Stingrays don't, I regard as, have an equivalent portion. Usually, it's the "wings" on a stingray that are used contained by cooking, and they're muscular, rather than cartilaginous. So they're usually cooked similar to regular fish or meat.
I've heard of "parody scallops" being made by punching circular portions out of stingray/manta wing, though I've never had the opportunity to try them.
Down below is a knit to an Aussie-food site that lists a quantity of stingray recipes:
i don't cogitate that is possible..
ewwwww no... i would never guzzle shark or stingray... have you see the pics of what and how they do it? its soooooooo sooooo sad!

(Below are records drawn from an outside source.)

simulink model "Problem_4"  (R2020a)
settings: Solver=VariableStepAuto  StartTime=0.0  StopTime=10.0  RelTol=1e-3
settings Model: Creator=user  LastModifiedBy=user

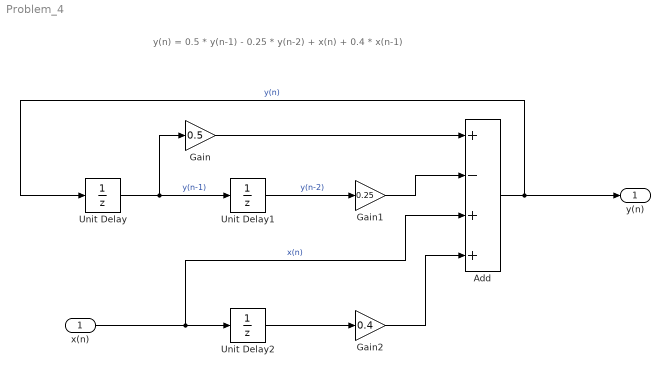
== system Problem_4 ==
  note: y(n) = 0.5 * y(n-1) - 0.25 * y(n-2) + x(n) + 0.4 * x(n-1)
  x(n) : Inport
  Add : Sum  Inputs=+-++
  Gain : Gain  Gain=0.5
  Gain1 : Gain  Gain=0.25
  Gain2 : Gain  Gain=0.4
  Unit Delay : UnitDelay  SampleTime=-1  HasFrameUpgradeWarning=on
  Unit Delay1 : UnitDelay  SampleTime=-1  HasFrameUpgradeWarning=on
  Unit Delay2 : UnitDelay  SampleTime=-1  HasFrameUpgradeWarning=on
  y(n) : Outport
  wires:
  Unit Delay/1 -> Gain/1, Unit Delay1/1  "y(n-1)"
  Unit Delay1/1 -> Gain1/1  "y(n-2)"
  Gain/1 -> Add/1
  Gain1/1 -> Add/2
  Unit Delay2/1 -> Gain2/1
  Gain2/1 -> Add/4
  x(n)/1 -> Add/3, Unit Delay2/1  "x(n)"
  Add/1 -> y(n)/1, Unit Delay/1  "y(n)"

String rays or as the are sold within supermarkets as "skate wings" as a former chef I have prepared them several times, and having travelled surrounded by the Far East and eaten my share of the different Shark Fins soups available, skate wing are more like a fish prepare, shark fins are soaked after being salted and dried, they tend to look close to a glassy spagetti formerly cooking, most of a skate wing is cartilidge also, but not the same, it is more fiborus as they move when they swim, a shark fin contained by soup lore is either the dorsal or pectoral fins, and some times the tail fins, but a shark have no bone and all processes shark fin is boneless, they use the cartilidge in a minute for nutritional supplements.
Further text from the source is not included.